У меня не было времени, чтобы обсуждать этот вопрос более подробно, но вопросы демографические – это не только вопросы предложения рабочей силы, это тоже вопрос устойчивости систем пенсионных, систем социального обеспечения, фискальной устойчивости, связанной с этим. Можем сказать, что если население, например, Японии или России, или Румынии, снижается, то на самом деле темпы роста ВВП на душу населения не отличаются или даже лучше, чем в Индии или других азиатских странах, которые еще сохраняют рост населения. И это тоже вопрос, над которым надо задуматься, что, возможно, темпы роста реального ВВП – это не единственный показатель динамики. Надо чаще всего смотреть на показатели роста на душу населения. Но все-таки, если, например, у страны накопился огромный госдолг, как Японии, тогда рост ВВП на душу населения не решает вопроса этого долга. Потому что рост задолженности растет еще быстрее, чем на душу населения, так что здесь есть фискальная составляющая.

Второе, что касается координации. Да, вопрос разных курсовых режимов – это тоже вопрос, который усложняет эту координацию. Я согласен, что если бы, например, все главные экономики, включая Китай, Индию и другие азиатские экономики, имели бы свободно плавающий курс, тогда вопрос о координации вообще бы не стоял, потому что это решалось бы более-менее рыночным механизмом. Хотя мы знаем, что в Японии есть свободно плавающий курс, но все-таки интервенция правительства и банка Японии привела год назад к обесценению курса. Так что возможность манипулировать курсом, это второй вопрос, какова рациональность этого. В случае Японии можно, например, говорить, что курс был настолько сильным, что надо было сделать коррекцию. Но даже при режиме свободно плавающего курса, есть возможность государственного вмешательства в процесс курсообразования. Как мы видим по опыту последних лет. Но все-таки тогда часть вопросов решалась бы на уровне совместного механизма – так, как вопрос решался до первой мировой войны в рамках золотого стандарта. Был всеобщий золотой стандарт, большинство главных игроков мировой экономики его придерживалось. Тогда вообще вопрос координации фискальной политики, денежной политики, денежной политики не было в современном смысле.
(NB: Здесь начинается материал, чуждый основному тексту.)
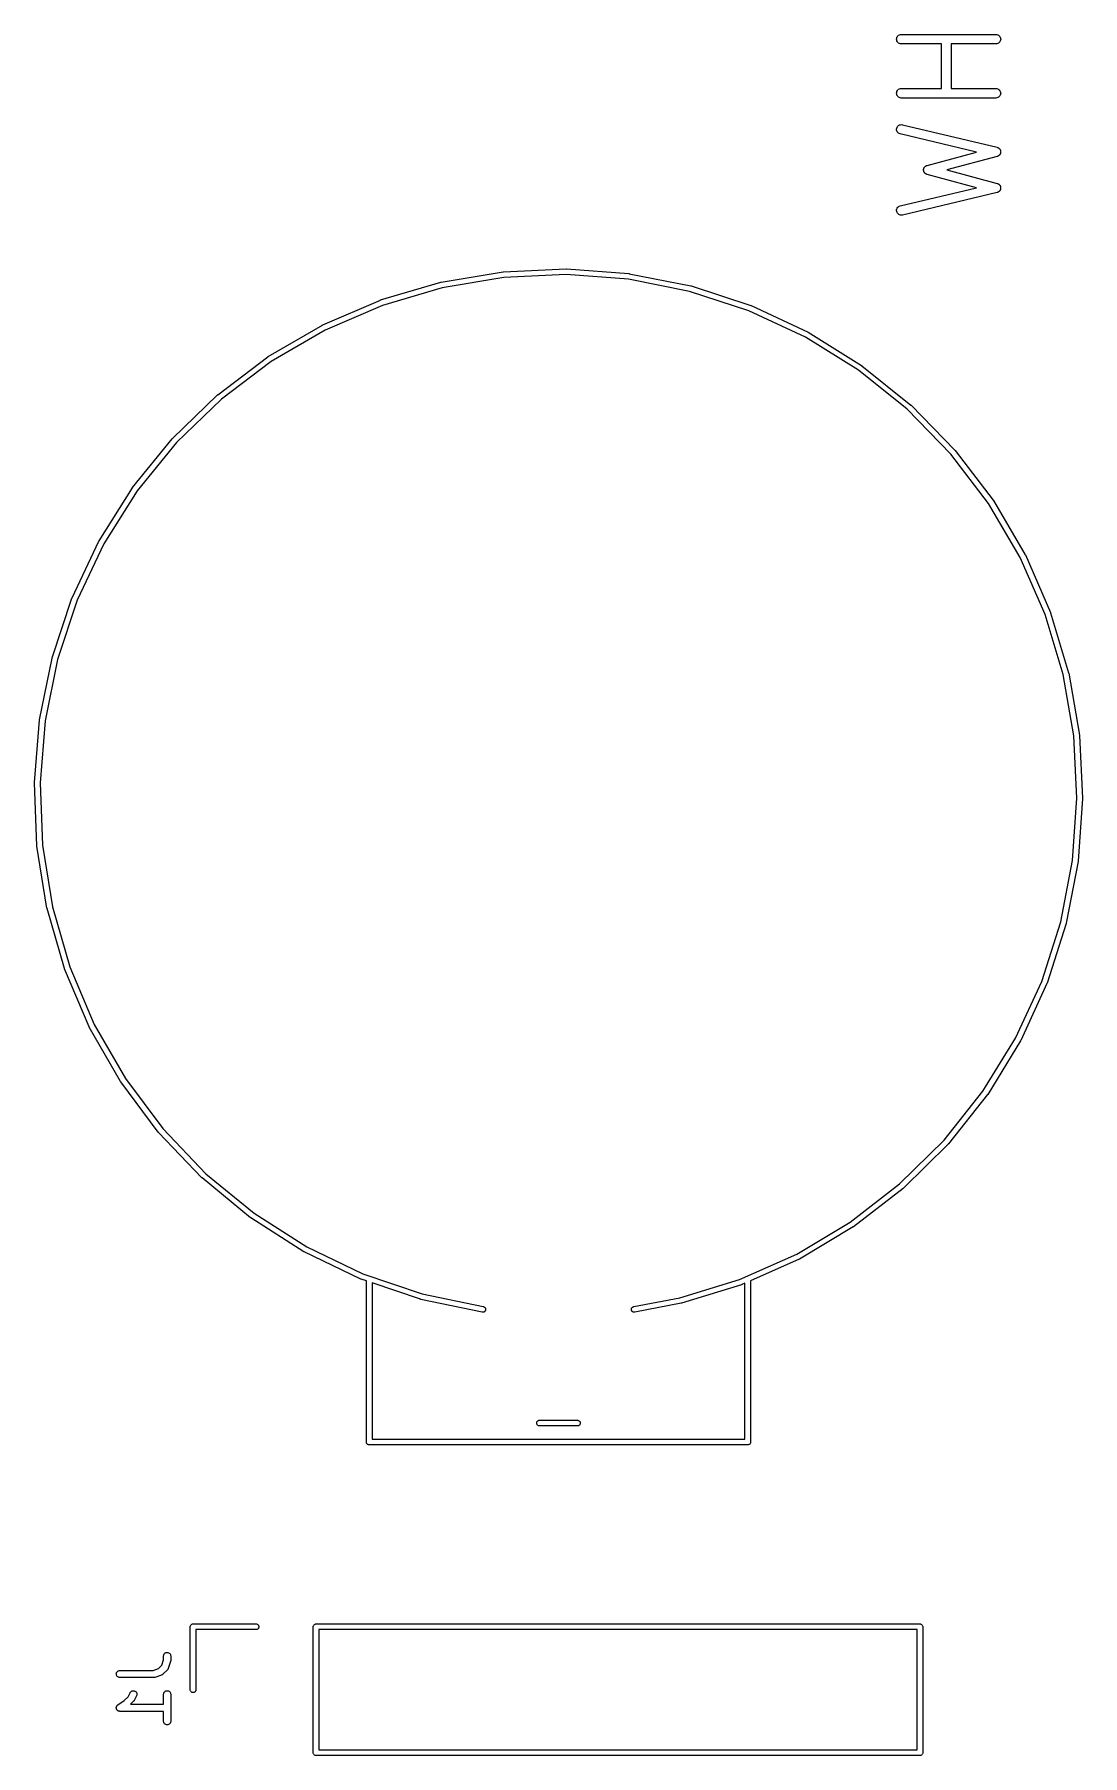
# Model space of a CAD drawing. Extents: x 160.9 to 183.1, y -119.4 to -83.
import ezdxf

# ---------------------------------------------------------------- set-up
doc = ezdxf.new("R2010")
doc.units = 0
doc.layers.add('BLACK', color=7, linetype='CONTINUOUS')

msp = doc.modelspace()

# ---------------------------------------------------------------- linework, layer by layer
at = {"layer": 'BLACK', "linetype": 'CONTINUOUS'}
for p, q in [((179.145, -83.121), (179.147, -83.1016)), ((179.147, -83.1405), (179.145, -83.121)), ((179.147, -83.1016), (179.153, -83.083)), ((179.152, -83.1592), (179.147, -83.1405)), ((179.161, -83.1765), (179.152, -83.1592)), ((179.153, -83.083), (179.162, -83.0658)), ((179.173, -83.1917), (179.161, -83.1765)), ((179.162, -83.0658), (179.174, -83.0508)), ((179.188, -83.2042), (179.173, -83.1917)), ((179.174, -83.0508), (179.189, -83.0384)), ((179.205, -83.2136), (179.188, -83.2042)), ((179.189, -83.0384), (179.207, -83.0293)), ((179.224, -83.2195), (179.205, -83.2136)), ((179.207, -83.0293), (179.225, -83.0236)), ((179.243, -83.2217), (179.224, -83.2195)), ((179.225, -83.0236), (179.245, -83.0217)), ((179.245, -83.2217), (179.243, -83.2217)), ((179.245, -83.0217), (181.245, -83.0217)), ((180.097, -83.2217), (179.245, -83.2217)), ((180.097, -84.1646), (180.097, -83.2217)), ((181.245, -83.2217), (180.297, -83.2217)), ((180.297, -83.2217), (180.297, -84.1646)), ((181.245, -83.0217), (181.246, -83.0217)), ((181.264, -83.2198), (181.245, -83.2217)), ((181.246, -83.0217), (181.266, -83.0239)), ((181.283, -83.2142), (181.264, -83.2198)), ((181.266, -83.0239), (181.284, -83.0298)), ((181.3, -83.205), (181.283, -83.2142)), ((181.284, -83.0298), (181.301, -83.0392)), ((181.315, -83.1927), (181.3, -83.205)), ((181.301, -83.0392), (181.316, -83.0517)), ((181.328, -83.1776), (181.315, -83.1927)), ((181.316, -83.0517), (181.328, -83.067)), ((181.328, -83.067), (181.337, -83.0843)), ((181.337, -83.1605), (181.328, -83.1776)), ((181.337, -83.0843), (181.343, -83.103)), ((181.343, -83.1418), (181.337, -83.1605)), ((181.343, -83.103), (181.345, -83.1224)), ((181.345, -83.1224), (181.343, -83.1418)), ((179.145, -84.2639), (179.147, -84.2445)), ((179.147, -84.2833), (179.145, -84.2639)), ((179.147, -84.2445), (179.153, -84.2258)), ((179.152, -84.302), (179.147, -84.2833)), ((179.161, -84.3193), (179.152, -84.302)), ((179.153, -84.2258), (179.162, -84.2087)), ((179.173, -84.3345), (179.161, -84.3193)), ((179.162, -84.2087), (179.174, -84.1936)), ((179.188, -84.3471), (179.173, -84.3345)), ((179.174, -84.1936), (179.189, -84.1813)), ((179.189, -84.1813), (179.207, -84.1721)), ((179.207, -84.1721), (179.225, -84.1665)), ((179.225, -84.1665), (179.245, -84.1646)), ((179.245, -84.1646), (180.097, -84.1646)), ((180.297, -84.1646), (181.245, -84.1646)), ((181.245, -84.1646), (181.246, -84.1646)), ((181.246, -84.1646), (181.266, -84.1668)), ((181.266, -84.1668), (181.284, -84.1727)), ((181.284, -84.1727), (181.301, -84.1821)), ((181.301, -84.1821), (181.316, -84.1946)), ((181.328, -84.3205), (181.315, -84.3355)), ((181.316, -84.1946), (181.328, -84.2098)), ((181.328, -84.2098), (181.337, -84.2271)), ((181.337, -84.3033), (181.328, -84.3205)), ((181.337, -84.2271), (181.343, -84.2458)), ((181.343, -84.2847), (181.337, -84.3033)), ((181.343, -84.2458), (181.345, -84.2653)), ((181.345, -84.2653), (181.343, -84.2847)), ((179.205, -84.3565), (179.188, -84.3471)), ((179.224, -84.3624), (179.205, -84.3565)), ((179.243, -84.3646), (179.224, -84.3624)), ((179.245, -84.3646), (179.243, -84.3646)), ((181.245, -84.3646), (179.245, -84.3646)), ((181.264, -84.3627), (181.245, -84.3646)), ((181.283, -84.357), (181.264, -84.3627)), ((181.3, -84.3479), (181.283, -84.357)), ((181.315, -84.3355), (181.3, -84.3479)), ((179.145, -85.022), (179.148, -85.0026)), ((179.146, -85.0414), (179.145, -85.022)), ((179.151, -85.0604), (179.146, -85.0414)), ((179.148, -85.0026), (179.154, -84.9842)), ((179.159, -85.078), (179.151, -85.0604)), ((179.154, -84.9842), (179.164, -84.9674)), ((179.164, -84.9674), (179.177, -84.9529)), ((179.177, -84.9529), (179.193, -84.9411)), ((179.193, -84.9411), (179.21, -84.9326)), ((179.21, -84.9326), (179.229, -84.9277)), ((179.229, -84.9277), (179.249, -84.9265)), ((179.249, -84.9265), (179.268, -84.9292)), ((179.268, -84.9292), (181.268, -85.4054)), ((179.171, -85.0937), (179.159, -85.078)), ((179.185, -85.1068), (179.171, -85.0937)), ((179.202, -85.1168), (179.185, -85.1068)), ((179.22, -85.1234), (179.202, -85.1168)), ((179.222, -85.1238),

Потому что сам механизм заставлял настолько держать внутреннюю фискальную политику под контролем, так, что тогда не нужны были никакие международные организации, этот вопрос решался на основе признания совместного стандарта.

Мы уже находимся сейчас в другом мире, так что современная ситуация – гибридная ситуация.  Есть страны со свободно формирующимся курсом, более или менее. Есть страны, у которых фиксированный курс с намерением получить от этого определенные конкурентные выгоды, он создаёт проблемы, конечно. Но я думаю, что все-таки, предполагая, что главные игроки (я имею в виду ЕС, США, Японию) не уйдут от системы свободно плавающего курса. Я думаю, что другим надо будет к этому адаптироваться. Я думаю, что Китай раньше или позже не сможет продолжать политику, она уже другая, чем была лет 10 назад. Все-таки банк Китая идет на постепенную ревальвацию курса. Понятно, что если будет открытое движение капитала, рано или поздно оно будет открыто, потому что это правительство Китая уже не будет в состоянии контролировать, тогда издержки будут достаточно высоки, они и сейчас уже очень высокие. И часть проблем финансового сектора именно из-за этого.